→ **Source data**:
◆ ◆ ◆ ◆ ◆ ◆ ◆

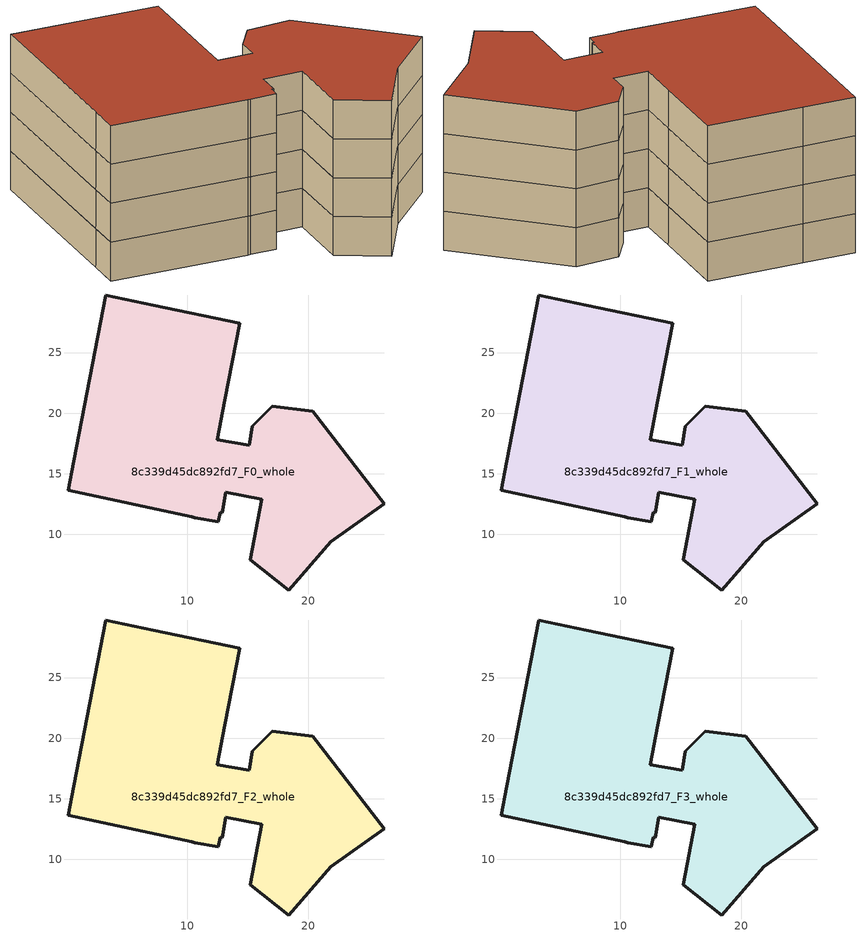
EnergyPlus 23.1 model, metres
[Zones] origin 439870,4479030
8c339d45dc892fd7_F0_whole
 floor ground (EU_floor_Construction): 20.39,20.15 26.28,12.53 21.85,9.37 18.41,5.39 15.21,7.88 16.18,12.89 13.21,13.47 12.89,11.78 12.73,11.81 12.57,11.01 10.64,11.37 10.38,11.43 0.19,13.63 0.65,16.02 3.28,29.76 7.22,28.93 14.33,27.44 13.1,21.07 12.48,17.82 15.12,17.33 15.39,18.9 17.02,20.58 z0
 wall outside (EU_wall_Construction): 26.28,12.53 20.39,20.15 17.02,20.58 15.39,18.9 15.12,17.33 12.48,17.82 13.1,21.07 14.33,27.44 7.22,28.93 3.28,29.76 0.65,16.02 0.19,13.63 10.38,11.43 10.64,11.37 12.57,11.01 12.73,11.81 12.89,11.78 13.21,13.47 16.18,12.89 15.21,7.88 18.41,5.39 21.85,9.37 26.28,12.53 z0:3
8c339d45dc892fd7_F1_whole
 floor to 8c339d45dc892fd7_F0_whole (EU_floor_Construction): 20.39,20.15 26.28,12.53 21.85,9.37 18.41,5.39 15.21,7.88 16.18,12.89 13.21,13.47 12.89,11.78 12.73,11.81 12.57,11.01 10.64,11.37 10.38,11.43 0.19,13.63 0.65,16.02 3.28,29.76 7.22,28.93 14.33,27.44 13.1,21.07 12.48,17.82 15.12,17.33 15.39,18.9 17.02,20.58 z3
 wall outside (EU_wall_Construction): 26.28,12.53 20.39,20.15 17.02,20.58 15.39,18.9 15.12,17.33 12.48,17.82 13.1,21.07 14.33,27.44 7.22,28.93 3.28,29.76 0.65,16.02 0.19,13.63 10.38,11.43 10.64,11.37 12.57,11.01 12.73,11.81 12.89,11.78 13.21,13.47 16.18,12.89 15.21,7.88 18.41,5.39 21.85,9.37 26.28,12.53 z3:6
8c339d45dc892fd7_F2_whole
 floor to 8c339d45dc892fd7_F1_whole (EU_floor_Construction): 20.39,20.15 26.28,12.53 21.85,9.37 18.41,5.39 15.21,7.88 16.18,12.89 13.21,13.47 12.89,11.78 12.73,11.81 12.57,11.01 10.64,11.37 10.38,11.43 0.19,13.63 0.65,16.02 3.28,29.76 7.22,28.93 14.33,27.44 13.1,21.07 12.48,17.82 15.12,17.33 15.39,18.9 17.02,20.58 z6
 wall outside (EU_wall_Construction): 26.28,12.53 20.39,20.15 17.02,20.58 15.39,18.9 15.12,17.33 12.48,17.82 13.1,21.07 14.33,27.44 7.22,28.93 3.28,29.76 0.65,16.02 0.19,13.63 10.38,11.43 10.64,11.37 12.57,11.01 12.73,11.81 12.89,11.78 13.21,13.47 16.18,12.89 15.21,7.88 18.41,5.39 21.85,9.37 26.28,12.53 z6:9
8c339d45dc892fd7_F3_whole
 floor to 8c339d45dc892fd7_F2_whole (EU_floor_Construction): 20.39,20.15 26.28,12.53 21.85,9.37 18.41,5.39 15.21,7.88 16.18,12.89 13.21,13.47 12.89,11.78 12.73,11.81 12.57,11.01 10.64,11.37 10.38,11.43 0.19,13.63 0.65,16.02 3.28,29.76 7.22,28.93 14.33,27.44 13.1,21.07 12.48,17.82 15.12,17.33 15.39,18.9 17.02,20.58 z9
 wall outside (EU_wall_Construction): 26.28,12.53 20.39,20.15 17.02,20.58 15.39,18.9 15.12,17.33 12.48,17.82 13.1,21.07 14.33,27.44 7.22,28.93 3.28,29.76 0.65,16.02 0.19,13.63 10.38,11.43 10.64,11.37 12.57,11.01 12.73,11.81 12.89,11.78 13.21,13.47 16.18,12.89 15.21,7.88 18.41,5.39 21.85,9.37 26.28,12.53 z9:12
 roof outside (EU_roof_Construction): 21.85,9.37 26.28,12.53 20.39,20.15 17.02,20.58 15.39,18.9 15.12,17.33 12.48,17.82 13.1,21.07 14.33,27.44 7.22,28.93 3.28,29.76 0.65,16.02 0.19,13.63 10.38,11.43 10.64,11.37 12.57,11.01 12.73,11.81 12.89,11.78 13.21,13.47 16.18,12.89 15.21,7.88 18.41,5.39 z12
[Building]
EU S2 Campaign: North Axis=0; Terrain=City; Solar Distribution=FullExterior
[Site:Location]
Madrid: Latitude=40.5; Longitude=-3.5; Time Zone=1; Elevation=609
[SizingPeriod:WeatherFileDays]
AnnualSizingPeriod: Begin Month=1; Begin Day of Month=1; End Month=12; End Day of Month=31; Day of Week for Start Day=Monday; Use Weather File Daylight Saving Period=No; Use Weather File Rain and Snow Indicators=No
[MATERIAL]
EU_InternalMass_Material: Roughness=MediumRough; Thickness=0.1; Conductivity=1; Density=1800; Specific Heat=900; Thermal Absorptance=0.9; Solar Absorptance=0.7; Visible Absorptance=0.7
[MATERIAL:NOMASS] Roughness=MediumRough; Thermal Absorptance=0.9; Solar Absorptance=0.7; Visible Absorptance=0.7
Name | Thermal Resistance
EU_wall_NoMass; EU_roof_NoMass | 2.16768
EU_floor_NoMass | 1.14339
[CONSTRUCTION]
EU_wall_Construction: EU_wall_NoMass
EU_roof_Construction: EU_roof_NoMass
EU_floor_Construction: EU_floor_NoMass
EU_InternalMass_Construction: EU_InternalMass_Material
[ZONE] Type=1; Multiplier=1; Ceiling Height=autocalculate; Volume=915.746; Floor Area=autocalculate; Part of Total Floor Area=Yes
8c339d45dc892fd7_F0_whole; 8c339d45dc892fd7_F1_whole; 8c339d45dc892fd7_F2_whole; 8c339d45dc892fd7_F3_whole
[INTERNALMASS] Construction=EU_InternalMass_Construction; Surface Area=305.249
Name | Zone or ZoneList
8c339d45dc892fd7_F0_whole_EU_InternalMass | 8c339d45dc892fd7_F0_whole
8c339d45dc892fd7_F1_whole_EU_InternalMass | 8c339d45dc892fd7_F1_whole
8c339d45dc892fd7_F2_whole_EU_InternalMass | 8c339d45dc892fd7_F2_whole
8c339d45dc892fd7_F3_whole_EU_InternalMass | 8c339d45dc892fd7_F3_whole
[OTHEREQUIPMENT] Fuel Type=Electricity; Design Level Calculation Method=Watts/Area; Power per Zone Floor Area=1; Fraction Latent=0; Fraction Radiant=0; Fraction Lost=0; Carbon Dioxide Generation Rate=0; EndUse Subcategory=EU_Step8_InternalGains
Name | Zone or ZoneList or Space or SpaceList | Schedule
EU_Step8_InternalGain_8c339d45dc892fd7_F0_whole_f000 | 8c339d45dc892fd7_F0_whole | EU_Step8_GainSchedule_8c339d45dc892fd7_F0_whole_f000
EU_Step8_InternalGain_8c339d45dc892fd7_F1_whole_f000 | 8c339d45dc892fd7_F1_whole | EU_Step8_GainSchedule_8c339d45dc892fd7_F1_whole_f000
EU_Step8_InternalGain_8c339d45dc892fd7_F2_whole_f000 | 8c339d45dc892fd7_F2_whole | EU_Step8_GainSchedule_8c339d45dc892fd7_F2_whole_f000
EU_Step8_InternalGain_8c339d45dc892fd7_F3_whole_f000 | 8c339d45dc892fd7_F3_whole | EU_Step8_GainSchedule_8c339d45dc892fd7_F3_whole_f000
[ZONEVENTILATION:DESIGNFLOWRATE] Schedule=EU_AlwaysOn; Design Flow Rate Calculation Method=AirChanges/Hour; Air Changes per Hour=0.480546; Ventilation Type=Natural; Fan Pressure Rise=0; Fan Total Efficiency=1; Constant Term Coefficient=1; Temperature Term Coefficient=0; Velocity Term Coefficient=0; Velocity Squared Term Coefficient=0; Minimum Indoor Temperature=-100; Maximum Indoor Temperature=100; Delta Temperature=-100; Minimum Outdoor Temperature=-100; Maximum Outdoor Temperature=100; Maximum Wind Speed=40
Name | Zone or ZoneList or Space or SpaceList
EU_ConstantAir_8c339d45dc892fd7_F0_whole | 8c339d45dc892fd7_F0_whole
EU_ConstantAir_8c339d45dc892fd7_F1_whole | 8c339d45dc892fd7_F1_whole
EU_ConstantAir_8c339d45dc892fd7_F2_whole | 8c339d45dc892fd7_F2_whole
EU_ConstantAir_8c339d45dc892fd7_F3_whole | 8c339d45dc892fd7_F3_whole
[HVACTEMPLATE:THERMOSTAT] Constant Heating Setpoint=20; Constant Cooling Setpoint=50
EU_HeatOnly_8c339d45dc892fd7_F0_whole; EU_HeatOnly_8c339d45dc892fd7_F1_whole; EU_HeatOnly_8c339d45dc892fd7_F2_whole; EU_HeatOnly_8c339d45dc892fd7_F3_whole
[HVACTEMPLATE:ZONE:IDEALLOADSAIRSYSTEM] System Availability Schedule=EU_AlwaysOn; Maximum Heating Supply Air Temperature=50; Minimum Cooling Supply Air Temperature=13; Maximum Heating Supply Air Humidity Ratio=0.0156; Minimum Cooling Supply Air Humidity Ratio=0.0077; Heating Limit=NoLimit; Cooling Limit=NoLimit; Heating Availability Schedule=EU_AlwaysOn; Cooling Availability Schedule=EU_CoolingOff; Dehumidification Control Type=ConstantSensibleHeatRatio; Cooling Sensible Heat Ratio=0.7; Dehumidification Setpoint=60; Humidification Control Type=None; Humidification Setpoint=30; Outdoor Air Method=None; Outdoor Air Flow Rate per Person=0.00944; Outdoor Air Flow Rate per Zone Floor Area=0; Outdoor Air Flow Rate per Zone=0; Demand Controlled Ventilation Type=None; Outdoor Air Economizer Type=NoEconomizer; Heat Recovery Type=None; Sensible Heat Recovery Effectiveness=0.7; Latent Heat Recovery Effectiveness=0.65
Name | Template Thermostat
8c339d45dc892fd7_F0_whole | EU_HeatOnly_8c339d45dc892fd7_F0_whole
8c339d45dc892fd7_F1_whole | EU_HeatOnly_8c339d45dc892fd7_F1_whole
8c339d45dc892fd7_F2_whole | EU_HeatOnly_8c339d45dc892fd7_F2_whole
8c339d45dc892fd7_F3_whole | EU_HeatOnly_8c339d45dc892fd7_F3_whole
[SIZING:ZONE] Zone Cooling Design Supply Air Temperature Input Method=SupplyAirTemperature; Zone Cooling Design Supply Air Temperature=13; Zone Heating Design Supply Air Temperature Input Method=SupplyAirTemperature; Zone Heating Design Supply Air Temperature=50; Zone Cooling Design Supply Air Humidity Ratio=0.008; Zone Heating Design Supply Air Humidity Ratio=0.008; Cooling Design Air Flow Method=DesignDay; Cooling Design Air Flow Rate=0; Cooling Minimum Air Flow per Zone Floor Area=0.000762; Cooling Minimum Air Flow=0; Cooling Minimum Air Flow Fraction=0.2; Heating Design Air Flow Method=DesignDay; Heating Design Air Flow Rate=0; Heating Maximum Air Flow per Zone Floor Area=0.002032; Heating Maximum Air Flow=0.141576; Heating Maximum Air Flow Fraction=0.3; Account for Dedicated Outdoor Air System=No; Dedicated Outdoor Air System Control Strategy=NeutralSupplyAir; Dedicated Outdoor Air Low Setpoint Temperature for Design=autosize; Dedicated Outdoor Air High Setpoint Temperature for Design=autosize; Zone Load Sizing Method=Sensible Load Only No Latent Load; Zone Latent Cooling Design Supply Air Humidity Ratio Input Method=HumidityRatioDifference; Zone Cooling Design Supply Air Humidity Ratio Difference=0.005; Zone Latent Heating Design Supply Air Humidity Ratio Input Method=HumidityRatioDifference; Zone Humidification Design Supply Air Humidity Ratio Difference=0.005
8c339d45dc892fd7_F0_whole; 8c339d45dc892fd7_F1_whole; 8c339d45dc892fd7_F2_whole; 8c339d45dc892fd7_F3_whole
[SCHEDULE:CONSTANT]
Name | Hourly Value
EU_AlwaysOn | 1
EU_CoolingOff | 0
[SCHEDULE:FILE] Column Number=1; Rows to Skip at Top=0; Number of Hours of Data=8760; Column Separator=Comma; Interpolate to Timestep=No; Minutes per Item=60; Adjust Schedule for Daylight Savings=Yes
Name | File
EU_Step8_GainSchedule_8c339d45dc892fd7_F0_whole_f000 | C:\Users\o_iseri\Desktop\OpenUBEM\openubem\outputs\eu_evidence\EU-11\ES-MAD-BERRUGUETE\idfs\8c339d45dc892fd7\8c339d45dc892fd7_F0_whole_f000_gain.csv
EU_Step8_GainSchedule_8c339d45dc892fd7_F1_whole_f000 | C:\Users\o_iseri\Desktop\OpenUBEM\openubem\outputs\eu_evidence\EU-11\ES-MAD-BERRUGUETE\idfs\8c339d45dc892fd7\8c339d45dc892fd7_F1_whole_f000_gain.csv
EU_Step8_GainSchedule_8c339d45dc892fd7_F2_whole_f000 | C:\Users\o_iseri\Desktop\OpenUBEM\openubem\outputs\eu_evidence\EU-11\ES-MAD-BERRUGUETE\idfs\8c339d45dc892fd7\8c339d45dc892fd7_F2_whole_f000_gain.csv
EU_Step8_GainSchedule_8c339d45dc892fd7_F3_whole_f000 | C:\Users\o_iseri\Desktop\OpenUBEM\openubem\outputs\eu_evidence\EU-11\ES-MAD-BERRUGUETE\idfs\8c339d45dc892fd7\8c339d45dc892fd7_F3_whole_f000_gain.csv

◆ ◆ ◆ ◆ ◆ ◆ ◆

→ **Assignment**:
Copy exactly the lines from the one containing "Name | File" through the last line of the records, both included, and nothing else.

→ **Finished task**:
Name | File
EU_Step8_GainSchedule_8c339d45dc892fd7_F0_whole_f000 | C:\Users\o_iseri\Desktop\OpenUBEM\openubem\outputs\eu_evidence\EU-11\ES-MAD-BERRUGUETE\idfs\8c339d45dc892fd7\8c339d45dc892fd7_F0_whole_f000_gain.csv
EU_Step8_GainSchedule_8c339d45dc892fd7_F1_whole_f000 | C:\Users\o_iseri\Desktop\OpenUBEM\openubem\outputs\eu_evidence\EU-11\ES-MAD-BERRUGUETE\idfs\8c339d45dc892fd7\8c339d45dc892fd7_F1_whole_f000_gain.csv
EU_Step8_GainSchedule_8c339d45dc892fd7_F2_whole_f000 | C:\Users\o_iseri\Desktop\OpenUBEM\openubem\outputs\eu_evidence\EU-11\ES-MAD-BERRUGUETE\idfs\8c339d45dc892fd7\8c339d45dc892fd7_F2_whole_f000_gain.csv
EU_Step8_GainSchedule_8c339d45dc892fd7_F3_whole_f000 | C:\Users\o_iseri\Desktop\OpenUBEM\openubem\outputs\eu_evidence\EU-11\ES-MAD-BERRUGUETE\idfs\8c339d45dc892fd7\8c339d45dc892fd7_F3_whole_f000_gain.csv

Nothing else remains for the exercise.